Centers for Medicare and Medicaid Services administrator Marilyn Tavenner defended President Obama's repeated claim that "if you like your plan, you can keep it" under the Affordable Care Act in a House Ways and Means hearing Tuesday.
The claim has been attacked recently, as many people continue to receive cancellation notices from their insurance companies. But Tavenner argues this was going on before the Affordable Care Act.
"Half of the people in the individual market prior to 2010 didn't stay on their policies," she said. "They were either kicked off for pre-existing conditions, they saw their premiums go up at least 20 percent a year, and there were no protections for them. And sometimes they were in plans that they thought were fine until they actually needed to hospitalization, and they found out it didn't cover hospitalization or it didn't cover cancer."
The health care law says that any insurance plans already in effect as of March 23, 2010 are "grandfathered" under the law. Consumers can keep those plans without penalty, even if they don't meet all the new ACA requirements, unless the insurance company significantly changes part of the plan.
Tavenner says some cancellations are occurring as a result of companies offering new plans, which must then include protections required under the law.
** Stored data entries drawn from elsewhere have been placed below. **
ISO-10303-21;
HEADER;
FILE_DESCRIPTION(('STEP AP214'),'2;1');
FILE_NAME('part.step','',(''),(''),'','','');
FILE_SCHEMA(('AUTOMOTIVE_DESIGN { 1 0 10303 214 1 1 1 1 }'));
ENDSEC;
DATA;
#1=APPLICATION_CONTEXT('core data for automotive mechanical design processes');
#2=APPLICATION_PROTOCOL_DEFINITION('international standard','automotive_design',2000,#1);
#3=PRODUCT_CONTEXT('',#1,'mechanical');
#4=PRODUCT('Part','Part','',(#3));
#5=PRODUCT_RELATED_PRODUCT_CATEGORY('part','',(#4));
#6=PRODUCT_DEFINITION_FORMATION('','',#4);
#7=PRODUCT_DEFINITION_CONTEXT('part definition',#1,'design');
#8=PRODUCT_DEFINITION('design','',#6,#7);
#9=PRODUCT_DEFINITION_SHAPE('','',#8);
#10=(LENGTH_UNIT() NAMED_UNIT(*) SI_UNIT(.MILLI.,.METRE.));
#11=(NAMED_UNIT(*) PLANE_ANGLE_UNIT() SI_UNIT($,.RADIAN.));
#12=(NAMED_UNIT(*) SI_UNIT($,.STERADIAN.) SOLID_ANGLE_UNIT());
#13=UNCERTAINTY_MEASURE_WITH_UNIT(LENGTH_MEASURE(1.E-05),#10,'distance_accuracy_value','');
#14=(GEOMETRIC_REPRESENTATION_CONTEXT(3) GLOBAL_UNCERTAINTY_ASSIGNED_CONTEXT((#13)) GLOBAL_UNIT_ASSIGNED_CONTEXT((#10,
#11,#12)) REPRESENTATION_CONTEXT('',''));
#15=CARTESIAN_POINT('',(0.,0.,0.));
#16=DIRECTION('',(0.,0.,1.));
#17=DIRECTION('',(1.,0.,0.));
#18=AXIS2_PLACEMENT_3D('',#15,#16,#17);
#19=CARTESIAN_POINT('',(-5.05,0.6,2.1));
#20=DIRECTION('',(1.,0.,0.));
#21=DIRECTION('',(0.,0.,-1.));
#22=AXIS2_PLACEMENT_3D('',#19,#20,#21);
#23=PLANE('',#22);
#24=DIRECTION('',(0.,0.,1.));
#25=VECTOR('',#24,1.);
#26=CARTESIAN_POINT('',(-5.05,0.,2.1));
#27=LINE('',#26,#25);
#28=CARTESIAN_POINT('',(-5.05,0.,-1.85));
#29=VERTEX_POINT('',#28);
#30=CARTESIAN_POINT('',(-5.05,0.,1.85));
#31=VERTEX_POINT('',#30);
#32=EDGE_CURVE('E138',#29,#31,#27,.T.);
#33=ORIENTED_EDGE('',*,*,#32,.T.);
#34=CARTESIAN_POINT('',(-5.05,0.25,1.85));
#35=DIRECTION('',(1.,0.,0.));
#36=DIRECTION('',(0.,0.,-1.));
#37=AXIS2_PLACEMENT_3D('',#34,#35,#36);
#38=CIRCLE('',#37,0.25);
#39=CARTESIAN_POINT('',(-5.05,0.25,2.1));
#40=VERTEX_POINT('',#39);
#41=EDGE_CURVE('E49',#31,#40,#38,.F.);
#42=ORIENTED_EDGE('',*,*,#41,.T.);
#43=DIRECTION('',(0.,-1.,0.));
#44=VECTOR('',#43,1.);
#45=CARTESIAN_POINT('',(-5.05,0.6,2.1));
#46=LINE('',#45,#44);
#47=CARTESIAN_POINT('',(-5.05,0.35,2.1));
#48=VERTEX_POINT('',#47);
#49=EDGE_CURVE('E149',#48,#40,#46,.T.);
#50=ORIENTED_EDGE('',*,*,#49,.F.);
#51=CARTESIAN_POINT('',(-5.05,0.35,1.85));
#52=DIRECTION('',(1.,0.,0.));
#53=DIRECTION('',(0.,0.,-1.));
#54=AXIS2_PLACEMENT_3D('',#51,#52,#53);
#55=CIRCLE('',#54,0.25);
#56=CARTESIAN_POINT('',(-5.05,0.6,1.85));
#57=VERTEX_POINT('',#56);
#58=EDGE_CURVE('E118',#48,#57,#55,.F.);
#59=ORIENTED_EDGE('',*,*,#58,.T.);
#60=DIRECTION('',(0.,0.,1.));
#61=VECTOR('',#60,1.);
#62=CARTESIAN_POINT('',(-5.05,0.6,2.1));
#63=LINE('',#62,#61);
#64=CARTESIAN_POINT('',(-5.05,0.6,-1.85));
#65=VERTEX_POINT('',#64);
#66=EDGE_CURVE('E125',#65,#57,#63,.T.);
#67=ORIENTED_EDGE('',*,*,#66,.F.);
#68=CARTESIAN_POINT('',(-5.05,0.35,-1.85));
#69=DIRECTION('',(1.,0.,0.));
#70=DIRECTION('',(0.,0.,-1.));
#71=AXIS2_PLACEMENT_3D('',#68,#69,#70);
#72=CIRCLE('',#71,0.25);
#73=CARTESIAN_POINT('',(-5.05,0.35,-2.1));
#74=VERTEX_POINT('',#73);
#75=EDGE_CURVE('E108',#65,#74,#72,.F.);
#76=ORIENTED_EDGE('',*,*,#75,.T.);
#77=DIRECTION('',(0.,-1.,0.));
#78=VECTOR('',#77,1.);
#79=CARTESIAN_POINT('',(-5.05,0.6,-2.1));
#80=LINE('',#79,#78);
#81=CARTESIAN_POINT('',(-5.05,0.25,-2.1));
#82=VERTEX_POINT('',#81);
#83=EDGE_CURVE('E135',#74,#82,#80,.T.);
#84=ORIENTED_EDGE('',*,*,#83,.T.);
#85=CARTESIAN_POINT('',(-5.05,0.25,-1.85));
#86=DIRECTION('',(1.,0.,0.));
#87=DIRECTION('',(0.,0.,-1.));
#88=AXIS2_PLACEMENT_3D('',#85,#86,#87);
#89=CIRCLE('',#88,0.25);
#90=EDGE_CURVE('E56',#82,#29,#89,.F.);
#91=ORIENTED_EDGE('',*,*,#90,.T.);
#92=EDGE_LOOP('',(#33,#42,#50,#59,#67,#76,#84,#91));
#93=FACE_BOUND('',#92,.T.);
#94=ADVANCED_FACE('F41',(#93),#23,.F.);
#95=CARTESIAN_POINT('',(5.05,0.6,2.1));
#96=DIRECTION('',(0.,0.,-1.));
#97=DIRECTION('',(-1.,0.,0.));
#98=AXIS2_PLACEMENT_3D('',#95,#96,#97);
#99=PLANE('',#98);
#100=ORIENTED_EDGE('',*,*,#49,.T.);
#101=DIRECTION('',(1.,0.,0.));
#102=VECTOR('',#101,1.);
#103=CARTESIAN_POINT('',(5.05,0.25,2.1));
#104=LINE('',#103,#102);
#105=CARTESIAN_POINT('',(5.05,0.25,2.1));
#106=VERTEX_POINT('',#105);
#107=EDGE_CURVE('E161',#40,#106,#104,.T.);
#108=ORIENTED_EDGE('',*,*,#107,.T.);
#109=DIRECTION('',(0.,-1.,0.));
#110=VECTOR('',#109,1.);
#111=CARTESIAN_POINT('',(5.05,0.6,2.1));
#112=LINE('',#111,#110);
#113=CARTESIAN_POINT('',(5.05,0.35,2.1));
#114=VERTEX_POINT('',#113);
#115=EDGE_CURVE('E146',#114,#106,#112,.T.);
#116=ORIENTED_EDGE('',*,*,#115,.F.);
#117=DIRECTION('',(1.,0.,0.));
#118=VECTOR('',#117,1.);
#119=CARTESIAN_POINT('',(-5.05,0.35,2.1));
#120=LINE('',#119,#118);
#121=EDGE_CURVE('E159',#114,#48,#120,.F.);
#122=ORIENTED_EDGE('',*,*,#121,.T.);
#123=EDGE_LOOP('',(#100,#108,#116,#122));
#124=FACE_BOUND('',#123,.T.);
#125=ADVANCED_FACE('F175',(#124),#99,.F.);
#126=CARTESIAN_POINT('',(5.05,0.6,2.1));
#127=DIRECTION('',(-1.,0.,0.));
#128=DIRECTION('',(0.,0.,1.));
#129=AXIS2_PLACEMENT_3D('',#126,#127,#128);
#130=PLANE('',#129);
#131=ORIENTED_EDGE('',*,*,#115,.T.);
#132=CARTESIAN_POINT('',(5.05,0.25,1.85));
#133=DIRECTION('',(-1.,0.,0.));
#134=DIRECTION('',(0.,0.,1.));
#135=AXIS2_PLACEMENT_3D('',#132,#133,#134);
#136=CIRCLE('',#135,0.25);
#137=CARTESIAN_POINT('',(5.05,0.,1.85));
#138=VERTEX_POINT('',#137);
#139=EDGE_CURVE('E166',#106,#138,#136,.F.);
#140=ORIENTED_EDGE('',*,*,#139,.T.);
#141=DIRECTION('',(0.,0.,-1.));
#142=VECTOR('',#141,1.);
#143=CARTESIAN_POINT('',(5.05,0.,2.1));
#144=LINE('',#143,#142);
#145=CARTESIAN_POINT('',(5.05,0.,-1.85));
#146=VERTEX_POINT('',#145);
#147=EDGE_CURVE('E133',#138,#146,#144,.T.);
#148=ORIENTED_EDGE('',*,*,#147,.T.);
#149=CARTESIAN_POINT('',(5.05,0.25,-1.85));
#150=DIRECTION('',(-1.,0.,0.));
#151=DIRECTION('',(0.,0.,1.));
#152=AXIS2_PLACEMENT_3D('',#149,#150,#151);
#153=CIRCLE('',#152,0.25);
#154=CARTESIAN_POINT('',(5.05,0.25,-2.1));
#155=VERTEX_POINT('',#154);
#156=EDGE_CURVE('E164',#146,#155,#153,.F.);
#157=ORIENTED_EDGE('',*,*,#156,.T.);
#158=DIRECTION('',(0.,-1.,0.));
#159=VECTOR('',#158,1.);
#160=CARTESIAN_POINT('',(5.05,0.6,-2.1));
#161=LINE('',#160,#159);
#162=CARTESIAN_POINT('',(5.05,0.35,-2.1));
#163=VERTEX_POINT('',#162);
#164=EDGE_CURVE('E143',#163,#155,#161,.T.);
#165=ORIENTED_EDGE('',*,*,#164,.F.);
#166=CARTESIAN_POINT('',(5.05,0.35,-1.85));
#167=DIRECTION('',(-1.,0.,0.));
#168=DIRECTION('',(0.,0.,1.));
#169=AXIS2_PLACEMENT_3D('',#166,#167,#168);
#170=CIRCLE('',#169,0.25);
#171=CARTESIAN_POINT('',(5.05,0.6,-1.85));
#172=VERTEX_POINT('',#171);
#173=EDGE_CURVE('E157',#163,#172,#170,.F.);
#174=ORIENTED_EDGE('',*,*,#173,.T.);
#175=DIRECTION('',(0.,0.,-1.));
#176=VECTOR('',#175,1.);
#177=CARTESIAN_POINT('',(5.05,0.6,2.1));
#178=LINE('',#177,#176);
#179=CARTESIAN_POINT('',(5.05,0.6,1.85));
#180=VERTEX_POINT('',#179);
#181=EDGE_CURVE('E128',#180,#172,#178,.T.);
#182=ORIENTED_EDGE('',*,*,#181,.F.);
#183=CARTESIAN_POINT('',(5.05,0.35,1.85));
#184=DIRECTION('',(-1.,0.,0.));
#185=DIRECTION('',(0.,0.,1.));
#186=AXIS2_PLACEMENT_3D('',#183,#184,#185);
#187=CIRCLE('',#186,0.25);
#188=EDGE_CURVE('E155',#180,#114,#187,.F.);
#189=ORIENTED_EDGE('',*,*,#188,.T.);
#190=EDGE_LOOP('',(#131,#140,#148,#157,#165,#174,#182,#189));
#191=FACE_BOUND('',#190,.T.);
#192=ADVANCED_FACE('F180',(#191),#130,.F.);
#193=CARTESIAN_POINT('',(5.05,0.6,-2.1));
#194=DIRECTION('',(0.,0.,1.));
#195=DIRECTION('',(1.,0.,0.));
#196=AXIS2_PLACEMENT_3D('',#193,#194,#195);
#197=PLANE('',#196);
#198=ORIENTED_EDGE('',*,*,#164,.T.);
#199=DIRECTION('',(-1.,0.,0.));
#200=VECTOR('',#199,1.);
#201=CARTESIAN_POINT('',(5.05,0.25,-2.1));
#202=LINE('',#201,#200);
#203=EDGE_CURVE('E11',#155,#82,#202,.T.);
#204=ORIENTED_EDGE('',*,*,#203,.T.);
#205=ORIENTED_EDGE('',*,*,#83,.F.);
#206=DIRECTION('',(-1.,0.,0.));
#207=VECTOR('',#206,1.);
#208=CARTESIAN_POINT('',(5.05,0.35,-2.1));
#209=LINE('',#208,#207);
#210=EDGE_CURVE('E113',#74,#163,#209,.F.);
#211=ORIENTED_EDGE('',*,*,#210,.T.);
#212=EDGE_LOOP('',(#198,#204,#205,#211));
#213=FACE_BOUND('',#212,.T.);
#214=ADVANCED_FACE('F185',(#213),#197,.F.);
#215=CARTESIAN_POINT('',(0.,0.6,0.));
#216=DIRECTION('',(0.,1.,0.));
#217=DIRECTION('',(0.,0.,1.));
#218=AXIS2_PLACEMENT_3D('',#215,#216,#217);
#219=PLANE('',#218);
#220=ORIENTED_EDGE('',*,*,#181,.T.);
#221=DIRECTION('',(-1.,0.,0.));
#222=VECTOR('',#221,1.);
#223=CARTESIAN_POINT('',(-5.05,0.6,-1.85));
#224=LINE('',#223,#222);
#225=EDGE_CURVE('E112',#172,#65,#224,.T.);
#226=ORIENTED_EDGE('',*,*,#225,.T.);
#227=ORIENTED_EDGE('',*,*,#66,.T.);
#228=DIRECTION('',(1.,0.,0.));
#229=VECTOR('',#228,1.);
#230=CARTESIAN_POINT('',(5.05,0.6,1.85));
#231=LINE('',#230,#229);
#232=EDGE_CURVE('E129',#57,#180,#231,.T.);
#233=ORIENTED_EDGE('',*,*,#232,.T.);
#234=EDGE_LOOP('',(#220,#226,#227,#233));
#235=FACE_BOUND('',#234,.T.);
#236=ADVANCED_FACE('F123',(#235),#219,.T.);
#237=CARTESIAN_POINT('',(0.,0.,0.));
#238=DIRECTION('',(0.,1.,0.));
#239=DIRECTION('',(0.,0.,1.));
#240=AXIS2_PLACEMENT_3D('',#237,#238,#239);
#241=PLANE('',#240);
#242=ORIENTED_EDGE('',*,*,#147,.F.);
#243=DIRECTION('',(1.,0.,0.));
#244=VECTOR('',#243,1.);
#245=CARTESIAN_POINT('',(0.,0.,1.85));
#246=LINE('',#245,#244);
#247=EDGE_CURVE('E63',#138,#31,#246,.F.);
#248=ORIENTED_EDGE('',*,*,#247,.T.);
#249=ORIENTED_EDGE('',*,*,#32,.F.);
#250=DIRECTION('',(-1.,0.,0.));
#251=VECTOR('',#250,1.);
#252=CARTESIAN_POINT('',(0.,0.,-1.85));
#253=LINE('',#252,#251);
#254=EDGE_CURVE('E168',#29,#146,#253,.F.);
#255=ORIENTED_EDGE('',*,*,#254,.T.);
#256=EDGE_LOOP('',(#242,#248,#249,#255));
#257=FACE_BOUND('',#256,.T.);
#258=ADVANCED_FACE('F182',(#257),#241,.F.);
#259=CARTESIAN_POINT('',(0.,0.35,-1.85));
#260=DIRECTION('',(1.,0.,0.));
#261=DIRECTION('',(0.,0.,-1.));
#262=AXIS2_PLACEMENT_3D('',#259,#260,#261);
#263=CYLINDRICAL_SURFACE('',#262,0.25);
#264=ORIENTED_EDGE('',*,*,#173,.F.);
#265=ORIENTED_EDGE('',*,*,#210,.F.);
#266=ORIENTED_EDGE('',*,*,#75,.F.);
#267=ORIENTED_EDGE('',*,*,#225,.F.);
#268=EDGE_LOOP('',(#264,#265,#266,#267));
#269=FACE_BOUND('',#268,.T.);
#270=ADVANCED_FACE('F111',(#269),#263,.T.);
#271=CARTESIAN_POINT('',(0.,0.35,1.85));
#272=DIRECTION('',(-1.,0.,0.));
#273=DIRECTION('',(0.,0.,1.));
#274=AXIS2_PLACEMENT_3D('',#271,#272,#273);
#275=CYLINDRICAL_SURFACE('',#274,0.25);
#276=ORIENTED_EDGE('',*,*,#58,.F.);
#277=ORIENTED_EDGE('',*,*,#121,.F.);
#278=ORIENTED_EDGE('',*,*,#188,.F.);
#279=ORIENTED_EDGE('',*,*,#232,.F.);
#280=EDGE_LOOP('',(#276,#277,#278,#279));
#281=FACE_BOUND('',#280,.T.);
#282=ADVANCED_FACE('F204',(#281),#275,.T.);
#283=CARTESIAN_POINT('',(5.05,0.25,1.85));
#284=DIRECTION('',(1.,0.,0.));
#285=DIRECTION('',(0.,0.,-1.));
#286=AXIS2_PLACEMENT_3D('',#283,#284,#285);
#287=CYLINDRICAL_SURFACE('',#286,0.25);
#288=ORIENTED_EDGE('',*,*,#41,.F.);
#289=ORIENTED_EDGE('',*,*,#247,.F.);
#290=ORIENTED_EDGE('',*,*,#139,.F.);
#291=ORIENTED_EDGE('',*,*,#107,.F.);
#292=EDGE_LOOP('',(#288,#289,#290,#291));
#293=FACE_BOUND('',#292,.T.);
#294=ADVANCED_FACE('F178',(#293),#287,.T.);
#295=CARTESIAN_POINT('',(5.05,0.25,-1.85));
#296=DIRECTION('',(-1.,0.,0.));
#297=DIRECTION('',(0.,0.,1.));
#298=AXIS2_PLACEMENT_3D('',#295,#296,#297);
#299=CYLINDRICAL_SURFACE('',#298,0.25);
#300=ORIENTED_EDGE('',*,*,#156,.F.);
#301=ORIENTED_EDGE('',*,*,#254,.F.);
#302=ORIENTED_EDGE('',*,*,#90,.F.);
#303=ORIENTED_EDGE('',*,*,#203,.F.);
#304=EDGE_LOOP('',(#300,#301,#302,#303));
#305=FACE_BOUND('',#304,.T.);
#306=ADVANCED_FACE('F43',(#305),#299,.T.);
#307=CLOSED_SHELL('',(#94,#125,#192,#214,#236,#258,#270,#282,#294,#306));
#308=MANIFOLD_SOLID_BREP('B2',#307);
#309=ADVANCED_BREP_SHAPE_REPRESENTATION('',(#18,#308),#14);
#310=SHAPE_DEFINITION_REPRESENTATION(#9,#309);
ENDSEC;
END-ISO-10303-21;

These include many measures, such as those that prevent discrimination based on pre-existing conditions or on gender.
Tavenner also maintained that premium increases were occurring long before Obamacare. "In fact, we've seen the most premium moderation in the last three years than we've seen probably in 15 or 20," she said.
"So what I would tell [individuals] is if their carrier is telling them they're changing the plan and they're offering an increase ... they would need to go take a look at what's available in their state and in their market, which is certainly something that's available to them through the exchange."
The hearing, which follows the problem-plagued rollout of the Obamacare website, saw Republicans fiercely attacking the law and Democrats fighting to defend it, with lawmakers often talking more than Tavenner herself. Her appearance will set the table for a hearing Wednesday in which Health and Human Services Secretary Kathleen Sebelius will come before Congress.